Brownian dynamics simulations

Brownian dynamics simulations is a powerful tool to study the kinetics of association of large proteins. They diffuse randomly in an implicite solvent until they enter into the electrostatic field of each other. In this region they move by directional diffusion toward the encounter complex.

Researcher of this topic is: Denitsa Alamanova

The Brownian dynamics simulation technique is a mesoscopic method in which explicit solvent molecules are replaced by a stochastic force.
The technique takes advantage of the fact that there is a large separation in time scales between the rapid motion of solvent molecules and the more sluggish motion of polymers or colloids. The ability to coarse-grain out these fast modes of the solvent allows one to simulate much larger time scales than in a molecular dynamics simulation.
At the core of a Brownian dynamics simulation is a stochastic differential equation which is integrated forward in time to create trajectories of molecules. Time enters naturally into the scheme allowing for the study of the temporal evolution and dynamics of complex fluids (e.g. polymers, large proteins, DNA molecules and colloidal solutions). Hydrodynamic and body forces, such as magnetic or electric fields, can be added in a straightforward way.
Brownian dynamics simulations are particularly well suited to studying the structure and rheology of complex fluids in hydrodynamic flows and other nonequilibrium situations.

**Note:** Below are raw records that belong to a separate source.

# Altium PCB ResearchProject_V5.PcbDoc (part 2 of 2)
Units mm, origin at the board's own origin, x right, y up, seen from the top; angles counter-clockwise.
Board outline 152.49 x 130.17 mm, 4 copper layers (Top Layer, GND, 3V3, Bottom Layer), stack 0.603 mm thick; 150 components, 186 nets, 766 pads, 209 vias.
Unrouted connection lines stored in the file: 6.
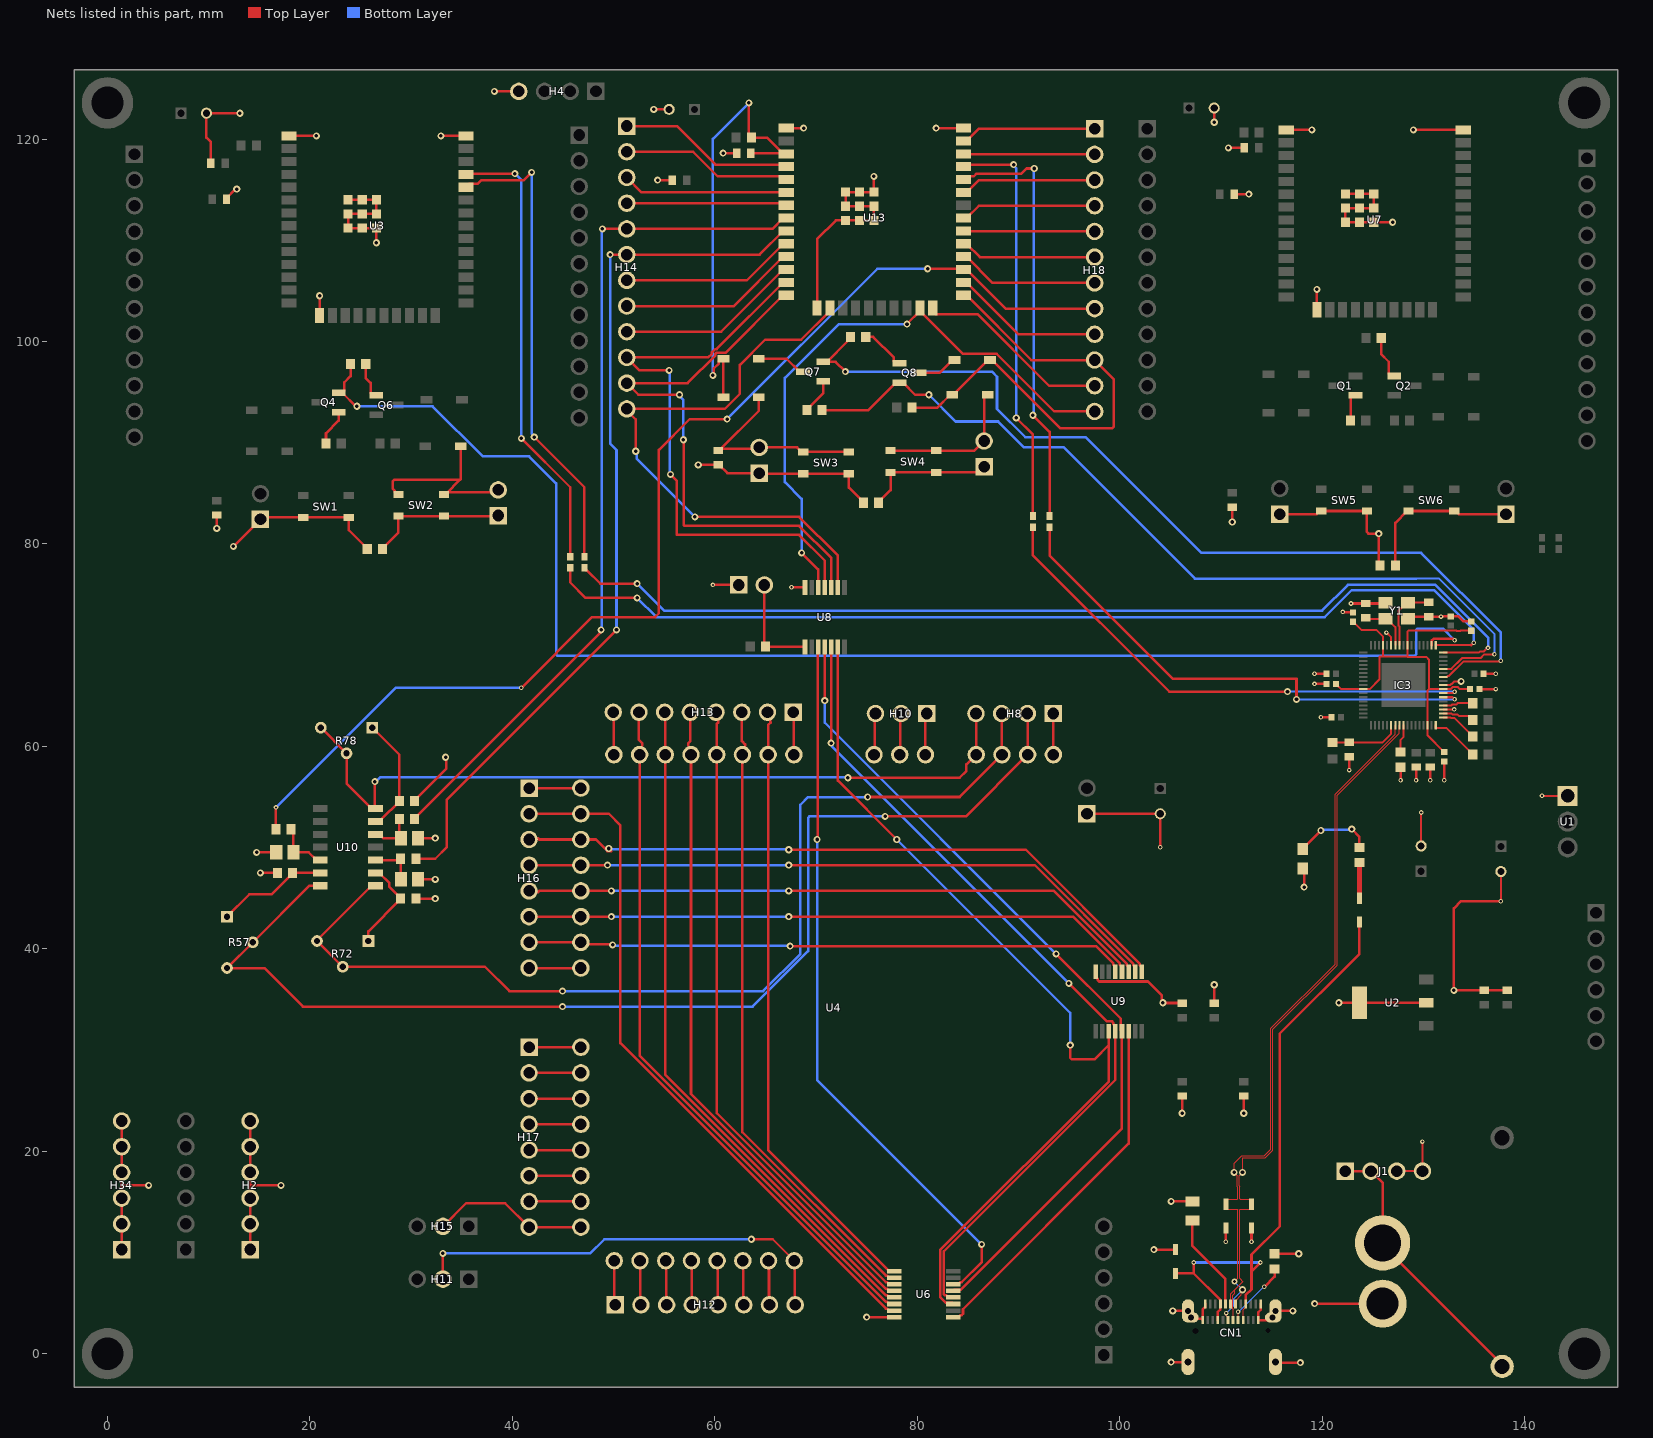
[diagram p4: the nets of this part, all layers, seen from the top]

## Via types
v1: diameter 0.7, hole 0.35, Top Layer to Bottom Layer, tented both sides, 161 vias
v2: diameter 0.45, hole 0.225, Top Layer to Bottom Layer, tented both sides, 45 vias
v3: diameter 0.45, hole 0.225, Top Layer to Bottom Layer, 1 vias
v4: diameter 0.7, hole 0.225, Top Layer to Bottom Layer, tented both sides, 1 vias
v5: diameter 0.6, hole 0.3, Top Layer to Bottom Layer, tented both sides, 1 vias

## Nets (pads, with @x,y where several pads share a name; then routed paths per layer and width w, separated by ;. In a path a pad name is that pad's centre, name@x,y a point inside that pad or via, vN(x,y) a via of type N, cw(c..) or ccw(c..) an arc to the next point about the centre after c; other vN are vias at no path point) (continued)
CLIENT_IO0_KEY: D16.1 H20.2 SW2.3 SW2.4 | length 19.5
  Top Layer w0.25: SW2.4@28.738,84.895 28.588,84.895 28.363,85.12 28.363,85.27 28.194,85.439 28.194,86.214 28.34,86.36 34.853,86.36 34.897,86.404 ; D16.1@34.897,89.662 34.897,86.404 ; H20.2@38.608,85.344 38.383,85.119 33.463,85.119 SW2.3@33.238,84.895 33.388,84.895 34.897,86.404
CLIENT_RTS: IC3.19 Q4.2 R51.1 | length 140
  Top Layer w0.25: Q4.2@22.844,94.94 Q4.2@23.194,94.94 ; R51.1@24.015,97.79 24.015,96.588 23.394,95.967 23.394,95.14 Q4.2@23.194,94.94 ; v1(24.638,93.599) 24.535,93.599 Q4.2@23.194,94.94 ; IC3.19@130.835,70.003 130.86,70.028 130.86,70.473 131.041,70.655 132.872,70.655 133.042,70.485 v2(133.096,70.485)
  Bottom Layer w0.25: v1(24.638,93.599) 32.131,93.599 37.084,88.646 41.656,88.646 44.323,85.979 44.323,69.087 44.469,68.94 129.14,68.94 129.286,69.087 129.286,71.482 129.432,71.628 131.953,71.628 v2(133.096,70.485)
CLIENT_RXD: IC3.18 R19.1 | length 100
  Top Layer w0.2: IC3.18@131.235,70.003 134.719,70.003
  Top Layer w0.25: R19.1@45.72,77.64 45.72,76.2 47.244,74.676 v1(52.324,74.676) ; 134.719,70.003 134.947,70.231 v2(135.001,70.231)
  Bottom Layer w0.25: v1(52.324,74.676) 54.229,72.771 120.269,72.771 122.936,75.438 131.064,75.438 135.001,71.501 v2(135.001,70.231)
CLIENT_TXD: IC3.17 R18.1 | length 99.9
  Top Layer w0.2: IC3.17@131.985,69.253 135.479,69.253 135.619,69.392 136,69.392 136.33,69.723 v2(136.398,69.723)
  Top Layer w0.25: R18.1@47.117,77.64 47.117,77.565 47.292,77.39 47.367,77.39 48.684,76.073 v1(52.324,76.073)
  Bottom Layer w0.25: v1(52.324,76.073) 54.991,73.406 120.015,73.406 122.555,75.946 131.191,75.946 136.398,70.739 v2(136.398,69.723)
CLIENT_U0RXD: R18.2 U3.34 | length 47.2
  Top Layer w0.25: U3.34@35.42,115.242 35.745,115.567 36.573,115.567 36.957,115.951 41.148,115.951 v1(41.91,116.713) ; v1(42.164,90.551) 47.117,85.598 R18.2@47.117,78.74
  Bottom Layer w0.25: v1(41.91,116.713) 41.91,90.927 42.164,90.673 v1(42.164,90.551)
CLIENT_U0TXD: R19.2 U3.35 | length 45
  Top Layer w0.25: U3.35@35.42,116.512 35.494,116.586 v1(40.259,116.586) ; v1(40.894,90.424) 45.72,85.598 R19.2@45.72,78.74
  Bottom Layer w0.25: v1(40.259,116.586) 40.894,115.951 v1(40.894,90.424)
GND: C1.2 C2.2 C3.2 C4.2 C5.2 C6.2 C7.2 C8.2 C9.2 C10.2 C11.2 C12.1 C16.2 C17.2 C25.2 C26.2 C27.2 C28.2 C29.2 C32.2 C35.1 C36.2 C37.2 C38.2 C39.2 C43.2 C45.1 C46.2 C49.2 C50.2 C51.2 C52.2 C59.2 C60.2 C61.2 C62.2 C63.2 C64.2 CN1.1 CN1.2 CN1.3 CN1.4 CN1.A1 CN1.A12 CN1.B1 CN1.B12 D8.1 D9.1 D10.1 D13.1 H2.1 H2.2 H2.3 H2.4 H2.5 H2.6 H4.4 H6.1 H19.1 H21.1 H22.1 H34.1 H34.2 H34.3 H34.4 H34.5 H34.6 IC3.3 IC3.9 IC3.29 J1.3 J1.4 J2.2 R5.2 R38.2 R50.2 R56.1 R65.2 R70.1 R77.1 R81.2 R88.2 SW1.1 SW1.2 SW3.1 SW3.2 SW5.1 SW5.2 U1.1 U2.2 U2.4 U3.1 U3.15 U3.38 U3.39 U3.40 U3.41 U3.42 U3.43 U3.44 U3.45 U3.46 U3.47 U4.1 U6.8 U7.1 U7.15 U7.38 U7.39 U7.40 U7.41 U7.42 U7.43 U7.44 U7.45 U7.46 U7.47 U8.7 U9.8 U13.1 U13.15 U13.38 U13.39 U13.40 U13.41 U13.42 U13.43 U13.44 U13.45 U13.46 U13.47 Y1.2 Y1.4 | length 325
  Top Layer w0.2: v2(126.365,71.247) 126.835,70.777 IC3.29@126.835,70.003 ; J1.3@127.381,18.034 J1.4@129.921,18.034 v3(129.921,20.955) ; C3.2@129.794,50.165 v2(129.794,53.467) ; IC3.3@131.985,63.653 v2(133.07,63.653) ; IC3.9@131.985,66.053 132.663,66.053 132.78,66.169 132.836,66.169 133.088,66.421 v1(133.731,66.421) ; v2(137.668,44.704) C2.2@137.668,47.625 ; v2(141.732,55.118) U1.1@144.272,55.118
  Top Layer w0.25: H34.1@1.397,10.287 H34.2@1.397,12.827 H34.3@1.397,15.367 1.397,16.625 ; H34.4@1.397,17.895 1.397,16.625 ; H34.4@1.397,17.907 H34.5@1.397,20.447 H34.6@1.397,22.987 ; v1(4.064,16.625) 1.397,16.625 ; C16.2@10.212,117.602 10.212,119.718 9.779,120.151 C8.2@9.779,122.555 v1(13.081,122.555) ; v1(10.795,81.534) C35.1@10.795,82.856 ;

Protein protein association involves processes on different length and time scales. At large distances, only the relative motion of the two centers of mass is important. In this regime, the free energy landscape can be sampled by brownian dynamics. The spatial dynamics of individual proteins takes place on a coarse grained lattice.
Here we consider the problem of how to correctly model diffusion on a coarse grid, given the microscopic diffusion coefficient. In contrast to the time independent random walk methods, our requirement is that transition probabilities are modeled correctly for jumps beyond the next neighbors, too. From the condition that such a propagation should reproduce the diffusive evolution of a free particle at finite times, we derive a condition for iscretizing the stepsizes for arbitrary gridspacings, timesteps and diffusion coefficients.